The authors thank the management of Shell Exploration and Production and of ExxonMobil for permission to publish this article. The contribution of the operational personnel involved is greatly appreciated. The authors also acknowledge the contributions made by Raj Fernandez of Baker Hughes INTEQ; Martin Geddes and Barry Webster of Baker Oil Tools; Ken Hall and Michael Taggart of BJ Services; Egbert van Riet, Bjorn Vandecrean, Don Reitsma and Russell Morris of @balance; and Paul Hague, Brian Hodgson, Jamie King, Martijn Kleverlaan, Robert Larsen, Toon Weisenborn, Dirk de Clercq, Pete French and Guus van Pelt of Shell Exploration and Production.

This article was prepared from SPE paper 96404, which was presented at Offshore Europe 2005 in Aberdeen, Scotland, UK, on September 6 – 9, 2005.

REFERENCES

   1 Kara, D.T., Gantt, L.L., Blount, C.G., and Hearn, D.D., “Dynamically overbalanced coiled tubing drilling on the North Slope of Alaska,” SPE paper 54496, 1999.

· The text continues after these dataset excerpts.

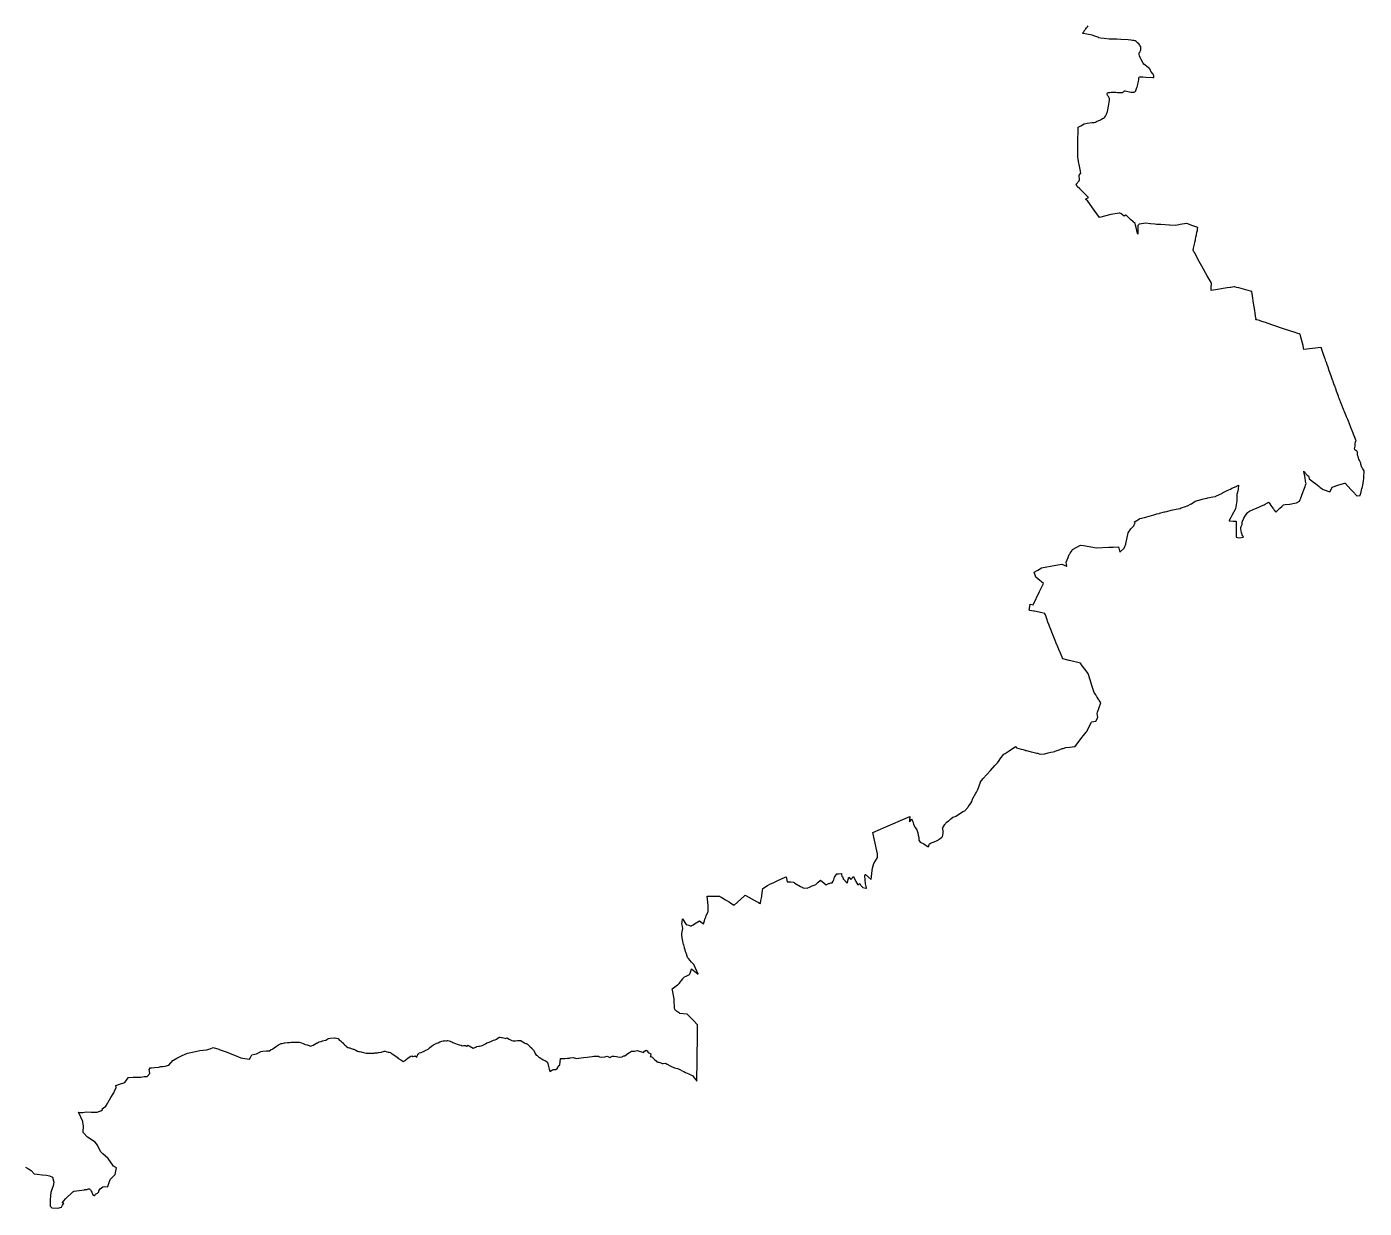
# Model space of a CAD drawing. Header units: metres. Extents: x 261539 to 373402, y 2100587 to 2213332.
# Drawn here: x 319876 to 373402, y 2109680 to 2156960 of the extents above; entities that cross this region are included whole.
import ezdxf

# ---------------------------------------------------------------- set-up
doc = ezdxf.new("R2010")
doc.units = ezdxf.units.M
doc.layers.add('DISTRICT BOUNDRY', color=86, linetype='Continuous')

msp = doc.modelspace()

# ---------------------------------------------------------------- linework, layer by layer
at = {"layer": 'DISTRICT BOUNDRY'}
msp.add_polyline3d([(319825, 2111327, 0), (319942, 2111260, 0), (320059, 2111185, 0), (320170, 2111056, 0), (320295, 2111046, 0), (320498, 2111011, 0), (320668, 2111003, 0), (320790, 2110982, 0), (320910, 2110930, 0), (320955, 2110719, 0), (320932, 2110581, 0), (320899, 2110473, 0), (320845, 2110315, 0), (320830, 2110190, 0), (320808, 2110003, 0), (320807, 2109905, 0), (320812, 2109767, 0), (320882, 2109699, 0), (321126, 2109680, 0), (321263, 2109719, 0), (321313, 2109800, 0), (321357, 2109879, 0), (321298, 2109897, 0), (321429, 2110053, 0), (321433, 2110057, 0), (321721, 2110333, 0), (321757, 2110368, 0), (322182, 2110417, 0), (322199, 2110435, 0), (322293, 2110436, 0), (322304, 2110442, 0), (322344, 2110463, 0), (322386, 2110454, 0), (322421, 2110415, 0), (322459, 2110363, 0), (322479, 2110318, 0), (322525, 2110211, 0), (322537, 2110208, 0), (322550, 2110203, 0), (322574, 2110188, 0), (322605, 2110190, 0), (322623, 2110239, 0), (322707, 2110284, 0), (322712, 2110287, 0), (322732, 2110304, 0), (322739, 2110304, 0), (322756, 2110320, 0), (322761, 2110327, 0), (322765, 2110344, 0), (322760, 2110366, 0), (322759, 2110375, 0), (322790, 2110411, 0), (322820, 2110451, 0), (322922, 2110534, 0), (323000, 2110544, 0), (323118, 2110538, 0), (323117, 2110545, 0), (323219, 2110827, 0), (323410, 2111032, 0), (323463, 2111298, 0), (323343, 2111364, 0), (323133, 2111674, 0), (322916, 2111862, 0), (322831, 2111956, 0), (322712, 2112209, 0), (322612, 2112324, 0), (322303, 2112527, 0), (322138, 2112707, 0), (322143, 2112992, 0), (322137, 2113024, 0), (322116, 2113145, 0), (321962, 2113495, 0), (321951, 2113521, 0), (322013, 2113517, 0), (322120, 2113518, 0), (322260, 2113537, 0), (322457, 2113523, 0), (322694, 2113527, 0), (322806, 2113566, 0), (322844, 2113582, 0), (322858, 2113587, 0), (322877, 2113589, 0), (322896, 2113602, 0), (322902, 2113617, 0), (322898, 2113661, 0), (322948, 2113701, 0), (323038, 2113764, 0), (323103, 2113876, 0), (323129, 2113924, 0), (323241, 2114116, 0), (323365, 2114303, 0), (323400, 2114404, 0), (323451, 2114501, 0), (323436, 2114590, 0), (323625, 2114657, 0), (323760, 2114704, 0), (323800, 2114715, 0), (323891, 2114839, 0), (323954, 2114912, 0), (324141, 2114919, 0), (324439, 2114923, 0), (324577, 2114955, 0), (324695, 2114954, 0), (324799, 2115067, 0), (324773, 2115250, 0), (324799, 2115263, 0), (324801, 2115304, 0), (324862, 2115305, 0), (324992, 2115318, 0), (325161, 2115323, 0), (325247, 2115355, 0), (325317, 2115353, 0), (325420, 2115367, 0), (325557, 2115408, 0), (325558, 2115406, 0), (325742, 2115610, 0), (325745, 2115612, 0), (325887, 2115682, 0), (326097, 2115786, 0), (326304, 2115888, 0), (326507, 2115930, 0), (326807, 2115991, 0), (326807, 2115988, 0), (327076, 2116015, 0), (327211, 2116064, 0), (327337, 2116108, 0), (327557, 2116041, 0), (327574, 2116032, 0), (327822, 2115946, 0), (328184, 2115809, 0), (328449, 2115699, 0), (328504, 2115690, 0), (328796, 2115643, 0), (328821, 2115681, 0), (328890, 2115818, 0), (329004, 2115843, 0), (329057, 2115858, 0), (329069, 2115863, 0), (329198, 2115929, 0), (329215, 2115939, 0), (329247, 2115957, 0), (329321, 2115969, 0), (329468, 2115983, 0), (329477, 2115984, 0), (329506, 2115983, 0), (329517, 2115980, 0), (329594, 2115973, 0), (329646, 2116017, 0), (329658, 2116028, 0), (329707, 2116050, 0), (329727, 2116057, 0), (329777, 2116095, 0), (329873, 2116167, 0), (329946, 2116214, 0), (329976, 2116233, 0), (330056, 2116266, 0), (330092, 2116277, 0), (330195, 2116301, 0), (330208, 2116306, 0), (330310, 2116308, 0), (330337, 2116311, 0), (330387, 2116319, 0), (330455, 2116330, 0), (330534, 2116327, 0), (330535, 2116327, 0), (330560, 2116332, 0), (330666, 2116328, 0), (330761, 2116324, 0), (330775, 2116323, 0), (330867, 2116306, 0), (330877, 2116299, 0), (330944, 2116269, 0), (331019, 2116237, 0), (331038, 2116229, 0), (331094, 2116213, 0), (331173, 2116190, 0), (331204, 2116181, 0), (331246, 2116164, 0), (331246, 2116164, 0), (331273, 2116176, 0), (331340, 2116203, 0), (331402, 2116244, 0), (331406, 2116247, 0), (331475, 2116281, 0), (331502, 2116296, 0), (331510, 2116300, 0), (331558, 2116327, 0), (331582, 2116341, 0), (331664, 2116358, 0), (331689, 2116364, 0), (331693, 2116366, 0), (331714, 2116377, 0), (331831, 2116406, 0), (331844, 2116412, 0), (331920, 2116461, 0), (331946, 2116472, 0), (331950, 2116473, 0), (332019, 2116492, 0), (332197, 2116497, 0), (332217, 2116493, 0), (332325, 2116479, 0), (332333, 2116477, 0), (332384, 2116424, 0), (332416, 2116398, 0), (332434, 2116380, 0), (332453, 2116361, 0), (332462, 2116352, 0), (332471, 2116343, 0), (332487, 2116325, 0), (332506, 2116308, 0), (332520, 2116296, 0), (332554, 2116262, 0), (332576, 2116243, 0), (332598, 2116217, 0), (332623, 2116197, 0), (332635, 2116188, 0), (332640, 2116184, 0), (332657, 2116170, 0), (332672, 2116159, 0), (332730, 2116117, 0), (332733, 2116116, 0), (332743, 2116113, 0), (332775, 2116102, 0), (332804, 2116093, 0), (332861, 2116075, 0), (332942, 2116052, 0), (332945, 2116050, 0), (332959, 2116044, 0), (332961, 2116043, 0), (333042, 2116005, 0), (333119, 2115969, 0), (333148, 2115955, 0), (333160, 2115954, 0), (333187, 2115950, 0), (333240, 2115943, 0), (333242, 2115943, 0), (333245, 2115942, 0), (333261, 2115940, 0), (333347, 2115919, 0), (333465, 2115891, 0), (333468, 2115890, 0), (333502, 2115888, 0), (333568, 2115884, 0), (333656, 2115880, 0), (333697, 2115876, 0), (333704, 2115879, 0), (333719, 2115881, 0), (333768, 2115889, 0), (333777, 2115891, 0), (333808, 2115893, 0), (333878, 2115901, 0), (333912, 2115904, 0), (333952, 2115908, 0), (334067, 2115931, 0), (334096, 2115935, 0), (334149, 2115958, 0), (334178, 2115969, 0), (334198, 2115965, 0), (334217, 2115961, 0), (334287, 2115939, 0), (334345, 2115921, 0), (334379, 2115921, 0), (334430, 2115908, 0), (334459, 2115891, 0), (334499, 2115863, 0), (334565, 2115816, 0), (334583, 2115803, 0), (334652, 2115761, 0), (334699, 2115722, 0), (334716, 2115707, 0), (334743, 2115679, 0), (334786, 2115654, 0), (334793, 2115650, 0), (334841, 2115621, 0), (334881, 2115595, 0), (334933, 2115552, 0), (334939, 2115555, 0), (334993, 2115582, 0), (335036, 2115602, 0), (335056, 2115635, 0), (335129, 2115690, 0), (335179, 2115720, 0), (335247, 2115767, 0), (335296, 2115773, 0), (335305, 2115758, 0), (335318, 2115747, 0), (335388, 2115769, 0), (335423, 2115784, 0), (335481, 2115729, 0), (335485, 2115737, 0), (335512, 2115787, 0), (335530, 2115841, 0), (335562, 2115871, 0), (335577, 2115894, 0), (335650, 2115912, 0), (335662, 2115919, 0), (335803, 2115980, 0), (335821, 2115987, 0), (335916, 2116037, 0), (335946, 2116052, 0), (335998, 2116099, 0), (336073, 2116165, 0), (336077, 2116171, 0), (336156, 2116219, 0), (336254, 2116278, 0), (336270, 2116283, 0), (336336, 2116305, 0), (336404, 2116338, 0), (336491, 2116361, 0), (336545, 2116376, 0), (336575, 2116385, 0), (336620, 2116391, 0), (336653, 2116380, 0), (336663, 2116377, 0), (336678, 2116382, 0), (336710, 2116391, 0), (336725, 2116393, 0), (336727, 2116393, 0), (336781, 2116376, 0), (336888, 2116342, 0), (336923, 2116318, 0), (336966, 2116301, 0), (337101, 2116246, 0), (337182, 2116224, 0), (337244, 2116209, 0), (337257, 2116202, 0), (337303, 2116181, 0), (337356, 2116186, 0), (337433, 2116191, 0), (337469, 2116164, 0), (337540, 2116204, 0), (337585, 2116177, 0), (337739, 2116082, 0), (337843, 2116128, 0), (337874, 2116140, 0), (337877, 2116150, 0), (337882, 2116150, 0), (337963, 2116166, 0), (337995, 2116172, 0), (338060, 2116183, 0), (338136, 2116208, 0), (338145, 2116210, 0), (338156, 2116218, 0), (338230, 2116259, 0), (338293, 2116296, 0), (338305, 2116302, 0), (338338, 2116314, 0), (338381, 2116331, 0), (338470, 2116366, 0), (338504, 2116381, 0), (338561, 2116403, 0), (338617, 2116424, 0), (338680, 2116448, 0), (338734, 2116490, 0), (338782, 2116522, 0), (338815, 2116525, 0), (338870, 2116517, 0), (338905, 2116518, 0), (339014, 2116489, 0), (339041, 2116478, 0), (339098, 2116499, 0), (339121, 2116486, 0), (339185, 2116446, 0), (339234, 2116417, 0), (339285, 2116387, 0), (339342, 2116379, 0), (339431, 2116385, 0), (339514, 2116394, 0), (339610, 2116396, 0), (339652, 2116390, 0), (339702, 2116355, 0), (339730, 2116336, 0), (339789, 2116299, 0), (339814, 2116283, 0), (339830, 2116275, 0), (339863, 2116272, 0), (339887, 2116263, 0), (339897, 2116257, 0), (339955, 2116209, 0), (339984, 2116183, 0), (339999, 2116169, 0), (340023, 2116144, 0), (340083, 2116081, 0), (340092, 2116073, 0), (340156, 2116004, 0), (340209, 2115908, 0), (340228, 2115875, 0), (340267, 2115811, 0), (340299, 2115788, 0), (340310, 2115780, 0), (340345, 2115751, 0), (340387, 2115718, 0), (340399, 2115707, 0), (340408, 2115705, 0), (340435, 2115694, 0), (340437, 2115687, 0), (340451, 2115678, 0), (340474, 2115664, 0), (340480, 2115662, 0), (340485, 2115657, 0), (340538, 2115625, 0), (340616, 2115587, 0), (340630, 2115579, 0), (340701, 2115544, 0), (340724, 2115472, 0), (340757, 2115351, 0), (340785, 2115252, 0), (340811, 2115160, 0), (340810, 2115156, 0), (340809, 2115155, 0), (340917, 2115215, 0), (340960, 2115236, 0), (341044, 2115235, 0), (341102, 2115278, 0), (341125, 2115316, 0), (341160, 2115379, 0), (341202, 2115396, 0), (341204, 2115429, 0), (341217, 2115530, 0), (341234, 2115670, 0), (341360, 2115669, 0), (341416, 2115668, 0), (341514, 2115681, 0), (341596, 2115690, 0), (341617, 2115695, 0), (341730, 2115710, 0), (341741, 2115711, 0), (341881, 2115673, 0), (341953, 2115682, 0), (341976, 2115686, 0), (342069, 2115699, 0), (342162, 2115710, 0), (342310, 2115732, 0), (342395, 2115744, 0), (342509, 2115757, 0), (342572, 2115766, 0), (342678, 2115768, 0), (342755, 2115761, 0), (342776, 2115758, 0), (342793, 2115738, 0), (342877, 2115731, 0), (343016, 2115733, 0), (343103, 2115770, 0), (343214, 2115719, 0), (343252, 2115737, 0), (343318, 2115770, 0), (343380, 2115767, 0), (343472, 2115758, 0), (343583, 2115720, 0), (343705, 2115739, 0), (343721, 2115750, 0), (343770, 2115775, 0), (343783, 2115781, 0), (343807, 2115773, 0), (343928, 2115872, 0), (344001, 2115906, 0), (344073, 2115971, 0), (344200, 2115970, 0), (344307, 2115987, 0), (344556, 2115906, 0), (344596, 2115970, 0), (344664, 2116003, 0), (344702, 2115976, 0), (344742, 2115906, 0), (344846, 2115859, 0), (344866, 2115851, 0), (344850, 2115839, 0), (344833, 2115769, 0), (344829, 2115748, 0), (344884, 2115733, 0), (344924, 2115723, 0), (344936, 2115696, 0), (344962, 2115668, 0), (345002, 2115631, 0), (345059, 2115575, 0), (345098, 2115538, 0), (345136, 2115529, 0), (345169, 2115528, 0), (345249, 2115498, 0), (345311, 2115473, 0), (345350, 2115474, 0), (345444, 2115481, 0), (345503, 2115449, 0), (345620, 2115381, 0), (345650, 2115368, 0), (345799, 2115305, 0), (345850, 2115282, 0), (345919, 2115274, 0), (346013, 2115227, 0), (346111, 2115176, 0), (346167, 2115149, 0), (346244, 2115111, 0), (346370, 2115053, 0), (346500, 2114990, 0), (346531, 2114978, 0), (346591, 2114902, 0), (346651, 2114820, 0), (346689, 2114772, 0), (346692, 2114846, 0), (346697, 2114979, 0), (346698, 2115077, 0), (346699, 2115294, 0), (346705, 2115467, 0), (346706, 2115525, 0), (346708, 2115700, 0), (346707, 2115741, 0), (346709, 2115890, 0), (346710, 2115954, 0), (346712, 2116015, 0), (346715, 2116244, 0), (346717, 2116394, 0), (346717, 2116594, 0), (346718, 2116695, 0), (346721, 2116941, 0), (346720, 2117017, 0), (346528, 2117216, 0), (346407, 2117345, 0), (346346, 2117409, 0), (346312, 2117448, 0), (346288, 2117451, 0), (346015, 2117469, 0), (345993, 2117484, 0), (345845, 2117590, 0), (345802, 2117678, 0), (345796, 2117775, 0), (345791, 2117917, 0), (345787, 2117988, 0), (345782, 2118058, 0), (345753, 2118199, 0), (345727, 2118339, 0), (345716, 2118409, 0), (345711, 2118466, 0), (345916, 2118615, 0), (345946, 2118634, 0), (345982, 2118675, 0), (346130, 2118859, 0), (346134, 2118869, 0), (346159, 2118894, 0), (346198, 2118942, 0), (346262, 2118970, 0), (346339, 2119002, 0), (346401, 2119033, 0), (346420, 2119085, 0), (346449, 2119172, 0), (346474, 2119244, 0), (346481, 2119256, 0), (346740, 2119041, 0), (346578, 2119434, 0), (346556, 2119452, 0), (346486, 2119514, 0), (346463, 2119534, 0), (346460, 2119539, 0), (346419, 2119594, 0), (346353, 2119675, 0), (346323, 2119714, 0), (346275, 2119863, 0), (346268, 2119884, 0), (346267, 2119886, 0), (346242, 2119957, 0), (346231, 2119999, 0), (346226, 2120018, 0), (346205, 2120094, 0), (346199, 2120115, 0), (346185, 2120169, 0), (346167, 2120227, 0), (346165, 2120234, 0), (346148, 2120295, 0), (346135, 2120356, 0), (346131, 2120365, 0), (346110, 2120505, 0), (346090, 2120618, 0), (346097, 2120669, 0), (346133, 2120881, 0), (346118, 2120954, 0), (346095, 2121063, 0), (346104, 2121127, 0), (346122, 2121262, 0), (346270, 2121041, 0), (346325, 2121022, 0), (346377, 2121002, 0), (346430, 2120983, 0), (346462, 2120974, 0), (346471, 2120982, 0), (346540, 2121022, 0), (346605, 2121061, 0), (346795, 2121179, 0), (346857, 2121137, 0), (346923, 2121093, 0), (346959, 2121065, 0), (346985, 2121148, 0), (347031, 2121285, 0), (347036, 2121300, 0), (347051, 2121325, 0), (347065, 2121380, 0), (347130, 2121523, 0), (347149, 2121556, 0), (347146, 2121637, 0), (347144, 2121790, 0), (347121, 2122047, 0), (347108, 2122167, 0), (347152, 2122168, 0), (347217, 2122167, 0), (347276, 2122168, 0), (347372, 2122167, 0), (347460, 2122165, 0), (347497, 2122166, 0), (347597, 2122162, 0), (347644, 2122137, 0), (347697, 2122111, 0), (347842, 2122025, 0), (347984, 2121937, 0), (348050, 2121893, 0), (348118, 2121854, 0), (348186, 2121808, 0), (348588, 2122169, 0), (348625, 2122203, 0), (349083, 2121957, 0), (349142, 2121926, 0), (349200, 2121895, 0), (349242, 2121873, 0), (349259, 2121994, 0), (349287, 2122158, 0), (349292, 2122191, 0), (349321, 2122391, 0), (349335, 2122477, 0), (349337, 2122478, 0), (349515, 2122601, 0), (349619, 2122649, 0), (349778, 2122721, 0), (349934, 2122792, 0), (350222, 2122925, 0), (350271, 2122946, 0), (350303, 2122741, 0), (350317, 2122739, 0), (350460, 2122737, 0), (350555, 2122733, 0), (350590, 2122709, 0), (350617, 2122689, 0), (350842, 2122553, 0), (350904, 2122524, 0), (350947, 2122502, 0), (351108, 2122487, 0), (351112, 2122488, 0), (351227, 2122544, 0), (351275, 2122567, 0), (351313, 2122583, 0), (351384, 2122614, 0), (351457, 2122642, 0), (351468, 2122648, 0), (351538, 2122720, 0), (351637, 2122812, 0), (351783, 2122687, 0), (351866, 2122621, 0), (351962, 2122674, 0), (351964, 2122675, 0), (351988, 2122682, 0), (352060, 2122696, 0), (352093, 2122702, 0), (352102, 2122705, 0), (352119, 2122722, 0), (352124, 2122733, 0), (352151, 2122773, 0), (352169, 2122822, 0), (352205, 2122929, 0), (352292, 2123059, 0), (352358, 2123063, 0), (352487, 2123071, 0), (352489, 2122947, 0), (352504, 2122951, 0), (352514, 2122951, 0), (352528, 2122951, 0), (352550, 2122877, 0), (352555, 2122864, 0), (352714, 2122692, 0), (352781, 2122928, 0), (352854, 2122839, 0), (352964, 2122952, 0), (353061, 2122759, 0), (353136, 2122616, 0), (353210, 2122671, 0), (353255, 2122593, 0), (353330, 2122519, 0), (353453, 2122489, 0), (353477, 2122491, 0), (353476, 2122497, 0), (353448, 2122656, 0), (353409, 2122984, 0), (353433, 2123039, 0), (353438, 2123035, 0), (353666, 2122835, 0), (353705, 2123189, 0), (353716, 2123283, 0), (353779, 2123480, 0), (353909, 2123690, 0), (353919, 2123718, 0), (353925, 2123754, 0), (353916, 2123858, 0), (353891, 2123984, 0), (353735, 2124716, 0), (354036, 2124845, 0), (354164, 2124900, 0), (355216, 2125351, 0), (355209, 2125205, 0), (355206, 2125143, 0), (355290, 2125249, 0), (355314, 2125195, 0), (355348, 2125123, 0), (355362, 2125043, 0), (355433, 2124914, 0), (355490, 2124829, 0), (355505, 2124783, 0), (355530, 2124706, 0), (355554, 2124616, 0), (355571, 2124516, 0), (355582, 2124408, 0), (355624, 2124336, 0), (355770, 2124262, 0), (355826, 2124228, 0), (355941, 2124157, 0), (355971, 2124156, 0), (355972, 2124156, 0), (355974, 2124164, 0), (355982, 2124199, 0), (355992, 2124231, 0), (355999, 2124258, 0), (356004, 2124263, 0), (356031, 2124278, 0), (356075, 2124297, 0), (356194, 2124348, 0), (356305, 2124395, 0), (356364, 2124419, 0), (356393, 2124444, 0), (356432, 2124475, 0), (356489, 2124520, 0), (356511, 2124538, 0), (356520, 2124545, 0), (356531, 2124610, 0), (356545, 2124691, 0), (356553, 2124728, 0), (356554, 2124736, 0), (356555, 2124742, 0), (356559, 2124748, 0), (356554, 2124772, 0), (356537, 2124861, 0), (356529, 2124906, 0), (356533, 2124912, 0), (356549, 2124935, 0), (356592, 2124995, 0), (356620, 2125037, 0), (356634, 2125055, 0), (356647, 2125075, 0), (356670, 2125105, 0), (356678, 2125118, 0), (356678, 2125126, 0), (356711, 2125147, 0), (356765, 2125183, 0), (356790, 2125202, 0), (356859, 2125263, 0), (356938, 2125330, 0), (357024, 2125354, 0), (357032, 2125356, 0), (357060, 2125374, 0), (357201, 2125462, 0), (357331, 2125557, 0), (357412, 2125578, 0), (357535, 2125713, 0), (357557, 2125741, 0), (357594, 2125801, 0), (357608, 2125841, 0), (357627, 2125856, 0), (357654, 2125895, 0), (357691, 2125954, 0), (357725, 2126046, 0), (357737, 2126079, 0), (357862, 2126296, 0), (357878, 2126325, 0), (357934, 2126442, 0), (358045, 2126732, 0), (358048, 2126738, 0), (358040, 2126743, 0), (358098, 2126813, 0), (358099, 2126813, 0), (358154, 2126880, 0), (358446, 2127200, 0), (358614, 2127391, 0), (358720, 2127505, 0), (358795, 2127595, 0), (358837, 2127668, 0), (358984, 2127854, 0), (359028, 2127872, 0), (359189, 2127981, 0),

   2  van Riet, E.J., Reitsma, D., Vandecraen, B., “Development and testing of a fully automatic system to accurately control downhole pressure during drilling,” SPE/IADC paper 85310, 2003.

   3  van Riet, E.J., 2003, “First field test dynamic annular pressure control system on NAM Pernis well,” EP 2003-5524, Shell International Exploration and Production, Ltd (internal company report).

   4  Weisenborn, T, “Gannet DES re-instatement cost estimate by the ISC,” Shell UK Exploration and Production Ltd (internal company report), 2001.

   5  Weisenborn, T., “Close-out of the alternatives for coil tubing drilling on Gannet,” Shell UK Exploration and Production Ltd (internal company report), 2004.


THE AUTHORS

      

Andy Laird joined Leading Edge Advantage in 2000 and is lead engineer for the ongoing coiled tubing-managed pressure drilling operation on the Gannet platform. Laird graduated from the University of Liverpool in 1990.


Kathryn McFadzean is a CTD engineer with Leading Edge Advantage. McFadzean graduated from Strathclyde University in 1998 and has worked for Read Well Services and Deutag before moving to her present position. She has worked on a number of underbalanced drilling and coiled tubing drilling projects, including the Gannet coiled tubing-managed pressure drilling project.


Jimmy Edgar is senior well engineer of completions for Shell UK’s Ormen Lange project offshore Norway. Edgar was project manager (senior well engineer) for the duration of the Gannet coiled tubing drilling project.


Ian Harty is offshore drilling supervisor with Shell UK and was part of the planning team for TTRD & CTD wells, prior to moving into his current role. Harty earned an MSc degree in petroleum engineering from Imperial College in 1997.